** ASSIGNED TASK **
From the first line of the data below through the line bearing "#8572 = VECTOR ( 'NONE', #33084, 39.37008 ) ;", reproduce each line exactly; do not include pictures.

** DATASET RECORDS **
::::

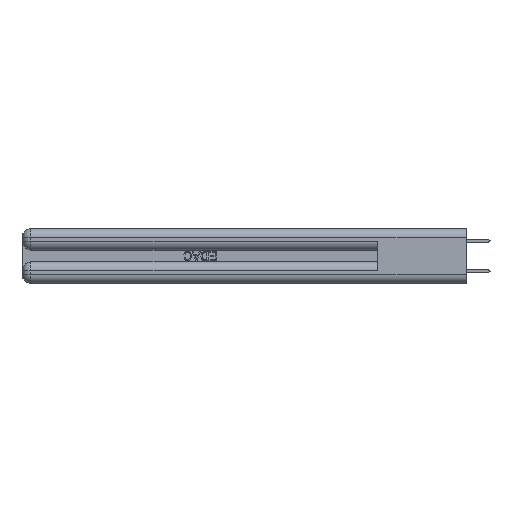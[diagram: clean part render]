
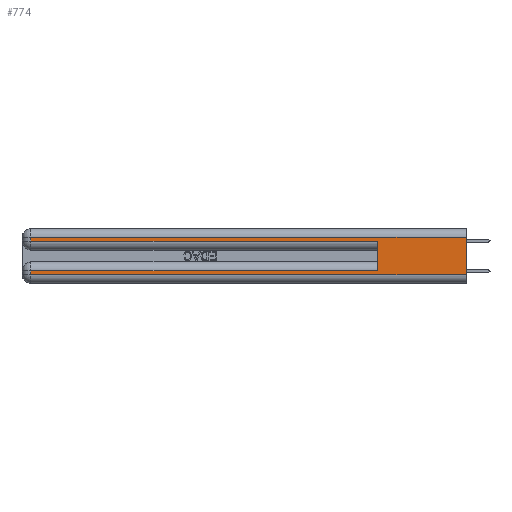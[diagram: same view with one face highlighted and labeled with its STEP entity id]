
A CAD part, left-side view. The second image highlights one B-rep face of the part: STEP entity #774.
In plain terms, the highlighted planar face has unit normal (-1, 0, 0).
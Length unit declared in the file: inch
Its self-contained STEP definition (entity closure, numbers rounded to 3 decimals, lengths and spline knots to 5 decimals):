
#628 = AXIS2_PLACEMENT_3D ( 'NONE', #5418, #12502, #36945 ) ;
#774 = ADVANCED_FACE ( 'NONE', ( #10475 ), #33409, .F. ) ;
#824 = VERTEX_POINT ( 'NONE', #22951 ) ;
#2323 = ORIENTED_EDGE ( 'NONE', *, *, #19810, .F. ) ;
#2588 = CARTESIAN_POINT ( 'NONE',  ( 0., 0., 0.31 ) ) ;
#3406 = DIRECTION ( 'NONE',  ( 0., -1., 0. ) ) ;
#3699 = LINE ( 'NONE', #13008, #11978 ) ;
#4855 = VERTEX_POINT ( 'NONE', #8976 ) ;
#5418 = CARTESIAN_POINT ( 'NONE',  ( 0., 0., 0.37 ) ) ;
#5592 = CARTESIAN_POINT ( 'NONE',  ( 0., 2.94, 0.06 ) ) ;
#6183 = DIRECTION ( 'NONE',  ( 0., 1., 0. ) ) ;
#7586 = EDGE_CURVE ( 'NONE', #4855, #44060, #15262, .T. ) ;
#7587 = EDGE_CURVE ( 'NONE', #42837, #22441, #3699, .T. ) ;
#7871 = EDGE_CURVE ( 'NONE', #22858, #19302, #11426, .T. ) ;
#8572 = VECTOR ( 'NONE', #33084, 39.37008 ) ;
#8638 = CARTESIAN_POINT ( 'NONE',  ( 0., 0.6, 0.145 ) ) ;
#8976 = CARTESIAN_POINT ( 'NONE',  ( 0., 2.94, 0.285 ) ) ;
#8988 = ORIENTED_EDGE ( 'NONE', *, *, #23627, .T. ) ;
#9873 = VECTOR ( 'NONE', #6183, 39.37008 ) ;
#10475 = FACE_OUTER_BOUND ( 'NONE', #18852, .T. ) ;
#10780 = ORIENTED_EDGE ( 'NONE', *, *, #33016, .T. ) ;
#10973 = LINE ( 'NONE', #2588, #9873 ) ;
#11426 = LINE ( 'NONE', #18028, #28875 ) ;
#11978 = VECTOR ( 'NONE', #27006, 39.37008 ) ;
#12502 = DIRECTION ( 'NONE',  ( 1., 0., 0. ) ) ;
#12685 = CARTESIAN_POINT ( 'NONE',  ( 0., 2.94, 0.085 ) ) ;
#13008 = CARTESIAN_POINT ( 'NONE',  ( 0., 0., 0.37 ) ) ;
#13911 = CARTESIAN_POINT ( 'NONE',  ( 0., 0., 0.06 ) ) ;
#13993 = LINE ( 'NONE', #22554, #22088 ) ;
#14260 = CARTESIAN_POINT ( 'NONE',  ( 0., 0.6, 0.285 ) ) ;
#15262 = LINE ( 'NONE', #23301, #30546 ) ;
#16330 = ORIENTED_EDGE ( 'NONE', *, *, #7871, .T. ) ;
#16787 = LINE ( 'NONE', #8638, #8572 ) ;
#18028 = CARTESIAN_POINT ( 'NONE',  ( 0., 2.94, 0.37 ) ) ;
#18852 = EDGE_LOOP ( 'NONE', ( #19950, #8988, #38848, #35102, #2323, #10780, #16330, #26399 ) ) ;
#19302 = VERTEX_POINT ( 'NONE', #5592 ) ;
#19666 = CARTESIAN_POINT ( 'NONE',  ( 0., 0., 0.085 ) ) ;
#19810 = EDGE_CURVE ( 'NONE', #38892, #44060, #16787, .T. ) ;
#19950 = ORIENTED_EDGE ( 'NONE', *, *, #7587, .F. ) ;
#22088 = VECTOR ( 'NONE', #29803, 39.37008 ) ;
#22441 = VERTEX_POINT ( 'NONE', #13911 ) ;
#22451 = EDGE_CURVE ( 'NONE', #19302, #22441, #36201, .T. ) ;
#22554 = CARTESIAN_POINT ( 'NONE',  ( 0., 2.94, 0.37 ) ) ;
#22858 = VERTEX_POINT ( 'NONE', #12685 ) ;
#22951 = CARTESIAN_POINT ( 'NONE',  ( 0., 2.94, 0.31 ) ) ;
#23301 = CARTESIAN_POINT ( 'NONE',  ( 0., 0., 0.285 ) ) ;
#23627 = EDGE_CURVE ( 'NONE', #42837, #824, #10973, .T. ) ;
#23942 = VECTOR ( 'NONE', #44102, 39.37008 ) ;
#26399 = ORIENTED_EDGE ( 'NONE', *, *, #22451, .T. ) ;
#27006 = DIRECTION ( 'NONE',  ( 0., 0., -1. ) ) ;
#28875 = VECTOR ( 'NONE', #35433, 39.37008 ) ;
#29803 = DIRECTION ( 'NONE',  ( 0., 0., -1. ) ) ;
#30546 = VECTOR ( 'NONE', #44440, 39.37008 ) ;
#32206 = LINE ( 'NONE', #19666, #23942 ) ;
#33016 = EDGE_CURVE ( 'NONE', #38892, #22858, #32206, .T. ) ;
#33084 = DIRECTION ( 'NONE',  ( 0., 0., 1. ) ) ;
#33409 = PLANE ( 'NONE',  #628 ) ;
#35102 = ORIENTED_EDGE ( 'NONE', *, *, #7586, .T. ) ;
#35149 = EDGE_CURVE ( 'NONE', #824, #4855, #13993, .T. ) ;
#35433 = DIRECTION ( 'NONE',  ( 0., 0., -1. ) ) ;
#36201 = LINE ( 'NONE', #38364, #37314 ) ;
#36945 = DIRECTION ( 'NONE',  ( 0., 0., -1. ) ) ;
#37314 = VECTOR ( 'NONE', #3406, 39.37008 ) ;
#38364 = CARTESIAN_POINT ( 'NONE',  ( 0., 0., 0.06 ) ) ;
#38848 = ORIENTED_EDGE ( 'NONE', *, *, #35149, .T. ) ;
#38892 = VERTEX_POINT ( 'NONE', #42960 ) ;
#40243 = CARTESIAN_POINT ( 'NONE',  ( 0., 0., 0.31 ) ) ;
#42837 = VERTEX_POINT ( 'NONE', #40243 ) ;
#42960 = CARTESIAN_POINT ( 'NONE',  ( 0., 0.6, 0.085 ) ) ;
#44060 = VERTEX_POINT ( 'NONE', #14260 ) ;
#44102 = DIRECTION ( 'NONE',  ( 0., 1., 0. ) ) ;
#44440 = DIRECTION ( 'NONE',  ( 0., -1., 0. ) ) ;

::::

** SOLUTION BELOW **
[diagram: clean part render]
[diagram: same view with one face highlighted and labeled with its STEP entity id]
A CAD part, left-side view. The second image highlights one B-rep face of the part: STEP entity #774.
In plain terms, the highlighted planar face has unit normal (-1, 0, 0).
Length unit declared in the file: inch
Its self-contained STEP definition (entity closure, numbers rounded to 3 decimals, lengths and spline knots to 5 decimals):
#628 = AXIS2_PLACEMENT_3D ( 'NONE', #5418, #12502, #36945 ) ;
#774 = ADVANCED_FACE ( 'NONE', ( #10475 ), #33409, .F. ) ;
#824 = VERTEX_POINT ( 'NONE', #22951 ) ;
#2323 = ORIENTED_EDGE ( 'NONE', *, *, #19810, .F. ) ;
#2588 = CARTESIAN_POINT ( 'NONE',  ( 0., 0., 0.31 ) ) ;
#3406 = DIRECTION ( 'NONE',  ( 0., -1., 0. ) ) ;
#3699 = LINE ( 'NONE', #13008, #11978 ) ;
#4855 = VERTEX_POINT ( 'NONE', #8976 ) ;
#5418 = CARTESIAN_POINT ( 'NONE',  ( 0., 0., 0.37 ) ) ;
#5592 = CARTESIAN_POINT ( 'NONE',  ( 0., 2.94, 0.06 ) ) ;
#6183 = DIRECTION ( 'NONE',  ( 0., 1., 0. ) ) ;
#7586 = EDGE_CURVE ( 'NONE', #4855, #44060, #15262, .T. ) ;
#7587 = EDGE_CURVE ( 'NONE', #42837, #22441, #3699, .T. ) ;
#7871 = EDGE_CURVE ( 'NONE', #22858, #19302, #11426, .T. ) ;
#8572 = VECTOR ( 'NONE', #33084, 39.37008 ) ;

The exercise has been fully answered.